# [Wet Thumb Forum]-Photo question



## Sophie (Feb 12, 2006)

I have an older (but good one) 35mm SLR camera. I mainly used it for nature shots and landscapes so the equiptment is setup for that use. 

The question is how do I convert this camera over to producing shots in a digital format. I have used Kodachrome for so many years I do not know what other film would be best for this. Print film?


----------



## imported_BSS (Apr 14, 2004)

Not really my area of expertise, but I don't think there are many options. Ultimately, you'll need something (e.g. a scanner) to produce the digital imagery. A low-end digital camera is likely cheaper and more effective.

My best guess,
Brian.


----------



## imported_russell (Sep 14, 2004)

i got my Visioneer MX 200 on ebay for 40 bucks... it works fine, not the best but it works.

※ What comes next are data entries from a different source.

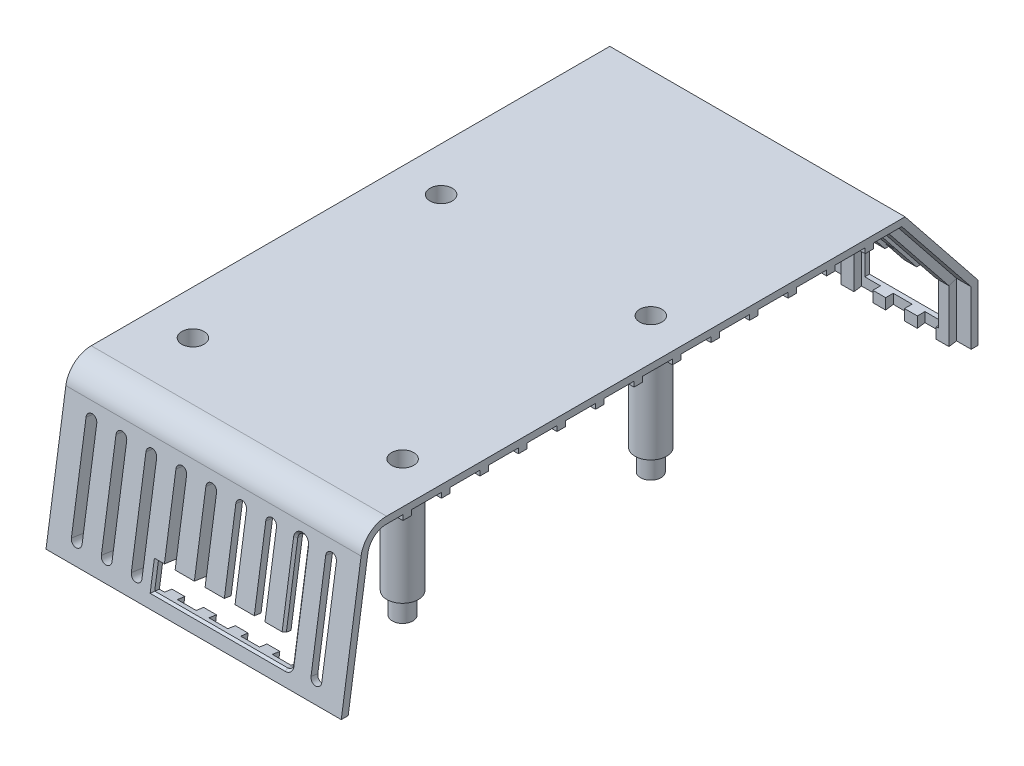
SolidWorks part; units mm, degrees
material "PPS"
ref_plane "前视基准面" through (0, 0, 0) normal (0, 0, 1) x (1, 0, 0)
ref_plane "上视基准面" through (0, 0, 0) normal (0, 1, 0) x (1, 0, 0)
ref_plane "右视基准面" through (0, 0, 0) normal (1, 0, 0) x (0, 0, -1)
sketch "草图2" plane through (0, 0, 0) normal (1, 0, 0) x (0, 0, -1)
  line L32 (-2.0016, 4.5) -> (-2.0016, 17.1644)
  line L33 (-2.0016, 17.1644) -> (-18.214, 37.4471)
  line L34 (-18.214, 37.4471) -> (-138.6289, 37.4471)
  line L35 (-142.9799, 33.7021) -> (-147.3763, 4.5)
  line L36 (0, 0) -> (-169.6172, 0) construction
  line L38 (-17.4446, 39.0471) -> (-138.6289, 39.0471)
  line L39 (-144.5621, 33.9403) -> (-148.9943, 4.5)
  line L40 (-0.4016, 4.5) -> (-0.4016, 17.7253)
  line L41 (-0.4016, 17.7253) -> (-17.4446, 39.0471)
  line L42 (-147.3763, 4.5) -> (-148.9943, 4.5) construction
  line L43 (-142.9799, 33.7021) -> (-147.9563, 0.6471) construction
  line L44 (-147.9563, 0.6471) -> (-2.0016, 0.6471) construction
  line L45 (-149.8153, -0.9529) -> (-0.4016, -0.9529) construction
  line L46 (-144.5621, 33.9403) -> (-149.8153, -0.9529) construction
  line L47 (-0.4016, -0.9529) -> (-0.4016, 17.7253) construction
  line L48 (-2.0016, 0.6471) -> (-2.0016, 17.1644) construction
  line L49 (-2.0016, 4.5) -> (-0.4016, 4.5)
  line L50 (-148.9943, 4.5) -> (-149.1976, 3.15)
  line L51 (-149.1976, 3.15) -> (-147.5795, 3.15)
  line L52 (-147.5795, 3.15) -> (-147.3763, 4.5)
  arc A4 (-138.6289, 39.0471) -> (-144.5621, 33.9403) centre (-138.6289, 33.0471) ccw
  arc A5 (-138.6289, 37.4471) -> (-142.9799, 33.7021) centre (-138.6289, 33.0471) ccw
  dimension "D1" = 1.6
  dimension "D3" = 6
  dimension "D2" = 4.5
  dimension "D4" = 3.15
extrude "凸台-拉伸1" add sketch "草图2" along normal blind 69
sketch "草图7" plane through (0, 3.15, 0) normal (0, -1, 0) x (1, 0, 0)
  line L1 (33, 147.58) -> (33, 145.78)
  line L2 (33, 145.78) -> (36, 145.78)
  line L3 (36, 145.78) -> (36, 147.58)
  line L28 (28.6, 145.78) -> (28.6, 147.58)
  line L29 (25.6, 145.78) -> (28.6, 145.78)
  line L30 (25.6, 147.58) -> (25.6, 145.78)
  line L31 (21.2, 145.78) -> (21.2, 147.58)
  line L32 (18.2, 145.78) -> (21.2, 145.78)
  line L33 (18.2, 147.58) -> (18.2, 145.78)
  line L34 (13.8, 145.78) -> (13.8, 147.58)
  line L35 (10.8, 145.78) -> (13.8, 145.78)
  line L36 (10.8, 147.58) -> (10.8, 145.78)
  line L37 (6.4, 145.78) -> (6.4, 147.58)
  line L38 (3.4, 145.78) -> (6.4, 145.78)
  line L39 (3.4, 147.58) -> (3.4, 145.78)
  line L40 (36, 145.78) -> (28.6, 145.78) construction
  line L41 (40.4, 147.58) -> (40.4, 145.78)
  line L42 (43.4, 145.78) -> (43.4, 147.58)
  line L43 (43.4, 147.58) -> (40.4, 147.58)
  line L44 (40.4, 145.78) -> (43.4, 145.78)
  line L45 (47.8, 147.58) -> (47.8, 145.78)
  line L46 (50.8, 145.78) -> (50.8, 147.58)
  line L47 (50.8, 147.58) -> (47.8, 147.58)
  line L48 (47.8, 145.78) -> (50.8, 145.78)
  line L49 (55.2, 147.58) -> (55.2, 145.78)
  line L50 (58.2, 145.78) -> (58.2, 147.58)
  line L51 (58.2, 147.58) -> (55.2, 147.58)
  line L52 (55.2, 145.78) -> (58.2, 145.78)
  line L53 (62.6, 147.58) -> (62.6, 145.78)
  line L54 (65.6, 145.78) -> (65.6, 147.58)
  line L55 (65.6, 147.58) -> (62.6, 147.58)
  line L56 (62.6, 145.78) -> (65.6, 145.78)
  line L57 (33, 147.58) -> (40.4, 147.58) construction
  line L58 (0, 147.5795) -> (0, 142.9799) construction
  line L103 (28.6, 147.58) -> (25.6, 147.58)
  line L104 (21.2, 147.58) -> (18.2, 147.58)
  line L105 (13.8, 147.58) -> (10.8, 147.58)
  line L106 (36, 147.58) -> (33, 147.58)
  line L107 (6.4, 147.58) -> (3.4, 147.58)
  dimension "D1" = 3
  dimension "D2" = 33
  dimension "D5" = 7.4
  dimension "D7" = 7.4
  dimension "D3" = 5
  dimension "D4" = 1
  dimension "D6" = 5
sketch "草图17" plane through (0, 0, 0) normal (-1, 0, 0) x (0, 0, 1)
  line L0 (147.5795, 3.15) -> (143.0568, 33.1914)
  line L1 (147.5795, 3.15) -> (142.9799, 33.7021) construction
  line L2 (138.1125, 37.4471) -> (18.214, 37.4471)
  line L3 (138.6289, 37.4471) -> (18.214, 37.4471) construction
  line L4 (149.1976, 3.15) -> (147.5795, 3.15) construction
  line L5 (18.214, 37.4471) -> (2.0016, 17.1644)
  line L6 (2.0016, 17.1644) -> (2.0016, 4.5)
  arc A0 (138.1125, 37.4471) -> (143.0568, 33.1914) centre (138.1125, 32.4471) cw
  dimension "D1" = 5
sweep "扫描1" add profiles "草图7" path "草图17"
sketch "草图18" plane through (0, 37.4471, 0) normal (0, -1, 0) x (1, 0, 0)
  line L0 (69, 0.4016) -> (0, 0.4016) construction
  line L1 (0, 17.4446) -> (0, 138.6289) construction
  circle A0 centre (59.3, 67.1616) radius 3.7
  circle A1 centre (59.3, 125.1616) radius 3.7
  circle A2 centre (10.3, 125.1616) radius 3.7
  circle A3 centre (10.3, 67.1616) radius 3.7
  dimension "D4" = 49
  dimension "D1" = 66.76
  dimension "D2" = 66.76
  dimension "D3" = 10.3
  dimension "D5" = 58
  dimension "D6" = 58
  dimension "D7" = 49
  dimension "D8" = 10.3
extrude "凸台-拉伸2" add sketch "草图18" along normal blind 30
sketch "草图28" plane through (69, 0, 0) normal (1, 0, 0) x (0, 0, -1)
  line L0 (-138.6289, 37.4471) -> (-18.214, 37.4471) construction
  line L1 (-132.7865, 37.4471) -> (-134.7865, 37.4471)
  line L2 (-132.7865, 37.4471) -> (-132.7865, 36.2471)
  line L3 (-132.7865, 36.2471) -> (-134.7865, 36.2471)
  line L4 (-134.7865, 37.4471) -> (-134.7865, 36.2471)
  line L5 (-123.7865, 37.4471) -> (-125.7865, 37.4471)
  line L6 (-123.7865, 37.4471) -> (-123.7865, 36.2471)
  line L7 (-123.7865, 36.2471) -> (-125.7865, 36.2471)
  line L8 (-125.7865, 37.4471) -> (-125.7865, 36.2471)
  line L9 (-114.7865, 37.4471) -> (-116.7865, 37.4471)
  line L10 (-114.7865, 37.4471) -> (-114.7865, 36.2471)
  line L11 (-114.7865, 36.2471) -> (-116.7865, 36.2471)
  line L12 (-116.7865, 37.4471) -> (-116.7865, 36.2471)
  line L13 (-105.7865, 37.4471) -> (-107.7865, 37.4471)
  line L14 (-105.7865, 37.4471) -> (-105.7865, 36.2471)
  line L15 (-105.7865, 36.2471) -> (-107.7865, 36.2471)
  line L16 (-107.7865, 37.4471) -> (-107.7865, 36.2471)
  line L17 (-96.7865, 37.4471) -> (-98.7865, 37.4471)
  line L18 (-96.7865, 37.4471) -> (-96.7865, 36.2471)
  line L19 (-96.7865, 36.2471) -> (-98.7865, 36.2471)
  line L20 (-98.7865, 37.4471) -> (-98.7865, 36.2471)
  line L21 (-87.7865, 37.4471) -> (-89.7865, 37.4471)
  line L22 (-87.7865, 37.4471) -> (-87.7865, 36.2471)
  line L23 (-87.7865, 36.2471) -> (-89.7865, 36.2471)
  line L24 (-89.7865, 37.4471) -> (-89.7865, 36.2471)
  line L25 (-78.7865, 37.4471) -> (-80.7865, 37.4471)
  line L26 (-78.7865, 37.4471) -> (-78.7865, 36.2471)
  line L27 (-78.7865, 36.2471) -> (-80.7865, 36.2471)
  line L28 (-80.7865, 37.4471) -> (-80.7865, 36.2471)
  line L29 (-69.7865, 37.4471) -> (-71.7865, 37.4471)
  line L30 (-69.7865, 37.4471) -> (-69.7865, 36.2471)
  line L31 (-69.7865, 36.2471) -> (-71.7865, 36.2471)
  line L32 (-71.7865, 37.4471) -> (-71.7865, 36.2471)
  line L33 (-60.7865, 37.4471) -> (-62.7865, 37.4471)
  line L34 (-60.7865, 37.4471) -> (-60.7865, 36.2471)
  line L35 (-60.7865, 36.2471) -> (-62.7865, 36.2471)
  line L36 (-62.7865, 37.4471) -> (-62.7865, 36.2471)
  line L37 (-51.7865, 37.4471) -> (-53.7865, 37.4471)
  line L38 (-51.7865, 37.4471) -> (-51.7865, 36.2471)
  line L39 (-51.7865, 36.2471) -> (-53.7865, 36.2471)
  line L40 (-53.7865, 37.4471) -> (-53.7865, 36.2471)
  line L41 (-42.7865, 37.4471) -> (-44.7865, 37.4471)
  line L42 (-42.7865, 37.4471) -> (-42.7865, 36.2471)
  line L43 (-42.7865, 36.2471) -> (-44.7865, 36.2471)
  line L44 (-44.7865, 37.4471) -> (-44.7865, 36.2471)
  line L45 (-33.7865, 37.4471) -> (-35.7865, 37.4471)
  line L46 (-33.7865, 37.4471) -> (-33.7865, 36.2471)
  line L47 (-33.7865, 36.2471) -> (-35.7865, 36.2471)
  line L48 (-35.7865, 37.4471) -> (-35.7865, 36.2471)
  line L49 (-24.7865, 37.4471) -> (-26.7865, 37.4471)
  line L50 (-24.7865, 37.4471) -> (-24.7865, 36.2471)
  line L51 (-24.7865, 36.2471) -> (-26.7865, 36.2471)
  line L52 (-26.7865, 37.4471) -> (-26.7865, 36.2471)
  dimension "D1" = 2
  dimension "D2" = 1.2
  dimension "D3" = 13
extrude "凸台-拉伸3" add sketch "草图28" against normal up to surface (69 mm away)
sketch "草图27" plane through (0, 39.0471, 0) normal (0, 1, 0) x (1, 0, 0)
  circle A0 centre (10.3, -67.1616) radius 2.6
  circle A1 centre (59.3, -125.1616) radius 2.6
  circle A2 centre (10.3, -125.1616) radius 2.6
  circle A3 centre (59.3, -67.1616) radius 2.6
extrude "切除-拉伸6" cut sketch "草图27" against normal blind 25
sketch "草图29" plane through (0, 7.4471, 0) normal (0, -1, 0) x (1, 0, 0)
  circle A0 centre (59.3, 67.1616) radius 1.35
  circle A1 centre (10.3, 67.1616) radius 1.35
  circle A2 centre (10.3, 125.1616) radius 1.35
  circle A3 centre (59.3, 125.1616) radius 1.35
extrude "切除-拉伸7" cut sketch "草图29" against normal up to next
sketch "草图30" plane through (0, 7.4471, 0) normal (0, -1, 0) x (1, 0, 0)
  circle A0 centre (59.3, 67.1616) radius 2.4
  circle A1 centre (59.3, 67.1616) radius 4
  circle A2 centre (10.3, 67.1616) radius 2.4
  circle A3 centre (10.3, 67.1616) radius 4
  circle A4 centre (10.3, 125.1616) radius 2.4
  circle A5 centre (10.3, 125.1616) radius 4
  circle A6 centre (59.3, 125.1616) radius 2.4
  circle A7 centre (59.3, 125.1616) radius 4
extrude "切除-拉伸8" cut sketch "草图30" against normal blind 5
sketch "草图31" plane through (0, 6.7142, -8.3998) normal (0, 0.6244, -0.7811) x (-1, 0, 0)
  text T0 "<b>X M U</b>" font "Century Gothic" height 12
extrude "切除-拉伸9" cut sketch "草图31" against normal up to next
sketch "草图32" plane through (0, 22.0337, 146.3546) normal (0, 0.1489, 0.9889) x (1, 0, 0)
  line L0 (34.5, 8.5) -> (34.5, -14.5) construction
  line L1 (35.75, 8.5) -> (35.75, -14.5)
  line L2 (33.25, 8.5) -> (33.25, -14.5)
  line L3 (41.5, 8.5) -> (41.5, -14.5) construction
  line L4 (42.75, 8.5) -> (42.75, -14.5)
  line L5 (40.25, 8.5) -> (40.25, -14.5)
  line L6 (48.5, 8.5) -> (48.5, -14.5) construction
  line L7 (49.75, 8.5) -> (49.75, -14.5)
  line L8 (47.25, 8.5) -> (47.25, -14.5)
  line L9 (55.5, 8.5) -> (55.5, -14.5) construction
  line L10 (56.75, 8.5) -> (56.75, -14.5)
  line L11 (54.25, 8.5) -> (54.25, -14.5)
  line L12 (62.5, 8.5) -> (62.5, -14.5) construction
  line L13 (63.75, 8.5) -> (63.75, -14.5)
  line L14 (61.25, 8.5) -> (61.25, -14.5)
  line L15 (27.5, 8.5) -> (27.5, -14.5) construction
  line L16 (28.75, 8.5) -> (28.75, -14.5)
  line L17 (26.25, 8.5) -> (26.25, -14.5)
  line L18 (20.5, 8.5) -> (20.5, -14.5) construction
  line L19 (21.75, 8.5) -> (21.75, -14.5)
  line L20 (19.25, 8.5) -> (19.25, -14.5)
  line L21 (13.5, 8.5) -> (13.5, -14.5) construction
  line L22 (14.75, 8.5) -> (14.75, -14.5)
  line L23 (12.25, 8.5) -> (12.25, -14.5)
  line L24 (6.5, 8.5) -> (6.5, -14.5) construction
  line L25 (7.75, 8.5) -> (7.75, -14.5)
  line L26 (5.25, 8.5) -> (5.25, -14.5)
  arc A0 (35.75, 8.5) -> (33.25, 8.5) centre (34.5, 8.5) ccw
  arc A1 (33.25, -14.5) -> (35.75, -14.5) centre (34.5, -14.5) ccw
  arc A2 (42.75, 8.5) -> (40.25, 8.5) centre (41.5, 8.5) ccw
  arc A3 (40.25, -14.5) -> (42.75, -14.5) centre (41.5, -14.5) ccw
  arc A4 (49.75, 8.5) -> (47.25, 8.5) centre (48.5, 8.5) ccw
  arc A5 (47.25, -14.5) -> (49.75, -14.5) centre (48.5, -14.5) ccw
  arc A6 (56.75, 8.5) -> (54.25, 8.5) centre (55.5, 8.5) ccw
  arc A7 (54.25, -14.5) -> (56.75, -14.5) centre (55.5, -14.5) ccw
  arc A8 (63.75, 8.5) -> (61.25, 8.5) centre (62.5, 8.5) ccw
  arc A9 (61.25, -14.5) -> (63.75, -14.5) centre (62.5, -14.5) ccw
  arc A10 (28.75, 8.5) -> (26.25, 8.5) centre (27.5, 8.5) ccw
  arc A11 (26.25, -14.5) -> (28.75, -14.5) centre (27.5, -14.5) ccw
  arc A12 (21.75, 8.5) -> (19.25, 8.5) centre (20.5, 8.5) ccw
  arc A13 (19.25, -14.5) -> (21.75, -14.5) centre (20.5, -14.5) ccw
  arc A14 (14.75, 8.5) -> (12.25, 8.5) centre (13.5, 8.5) ccw
  arc A15 (12.25, -14.5) -> (14.75, -14.5) centre (13.5, -14.5) ccw
  arc A16 (7.75, 8.5) -> (5.25, 8.5) centre (6.5, 8.5) ccw
  arc A17 (5.25, -14.5) -> (7.75, -14.5) centre (6.5, -14.5) ccw
  point P2 (34.5, -3)
  point P10 (41.5, -3)
  point P18 (48.5, -3)
  point P25 (55.5, -3)
  point P32 (62.5, -3)
  point P39 (27.5, -3)
  point P46 (20.5, -3)
  point P53 (13.5, -3)
  point P60 (6.5, -3)
  dimension "D1" = 5
  dimension "D3" = 4.5
  dimension "D4" = 4.5
  dimension "D2" = 5
extrude "切除-拉伸10" cut sketch "草图32" against normal up to next
sketch "草图33" plane through (0, 22.0337, 146.3546) normal (0, 0.1489, 0.9889) x (1, 0, 0)
  line L0 (24.4142, -15.75) -> (55.5, -15.75)
  line L1 (55.5, -15.75) -> (55.5, -9.55)
  line L2 (55.5, -9.55) -> (24.4142, -9.55)
  line L3 (24.4142, -9.55) -> (24.4142, -15.75)
  arc A3 (54.25, -14.5) -> (56.75, -14.5) centre (55.5, -14.5) ccw construction
extrude "切除-拉伸11" cut sketch "草图33" against normal up to next
sketch "草图34" plane through (0, 0, 0.4016) normal (0, 0, -1) x (-1, 0, 0)
  line L0 (-63.15, 6.75) -> (-63.15, 16.75)
  line L1 (-63.15, 16.75) -> (-44.15, 16.75)
  line L2 (-44.15, 16.75) -> (-44.15, 6.75)
  line L3 (-44.15, 6.75) -> (-63.15, 6.75)
  line L4 (-69, 4.5) -> (0, 4.5) construction
  dimension "D1" = 2.25
  dimension "D2" = 19
  dimension "D3" = 10
  dimension "D4" = 44.15
extrude "切除-拉伸12" cut sketch "草图34" against normal up to next
chamfer "倒角1" distance 0.5 angle 45 10 edges at (44.15, 11.75, 0.4016) (53.65, 6.75, 0.4016) (53.65, 16.75, 0.4016) (63.15, 11.75, 0.4016) (54.25, 21.5145, 146.4328) (55.5, 31.675, 144.9031) (56.75, 19.0671, 146.8012) (56.3839, 6.8212, 148.6449) (24.4142, 9.5246, 148.2379) (39.9571, 6.4592, 148.6994)

http://cgi.ebay.com/Visioneer-MX-200-2-0-Megapixel-Digi...QQrdZ1QQcmdZViewItem

i am not endoursing this auction or the seller, just giving an example.


----------



## Eric686 (Dec 3, 2003)

Sophie,
After you get your scanner for your prints the best thing to scan is Transparencies (slides). The scanner adaptor is big bucks, Next would be paper prints. Make sure that you use glossy paper the matte paper reflects back into the scanner and makes the scan look grainy.

I was a hard core 35mm slr user I even have a degree in film photography and always poo-poo the ditgal cameras, Then my autowinder broke repair was out of the question $$$. I purchased my first digtal camera with much prodding from my wife. Now I will not go back to film. The savings on film alone is a big plus and the quality of the photos after I get prints is great. I know it is hard, but make the jump to digtal cameras Sophie. The only regret you will have is "why did I wait so long".


----------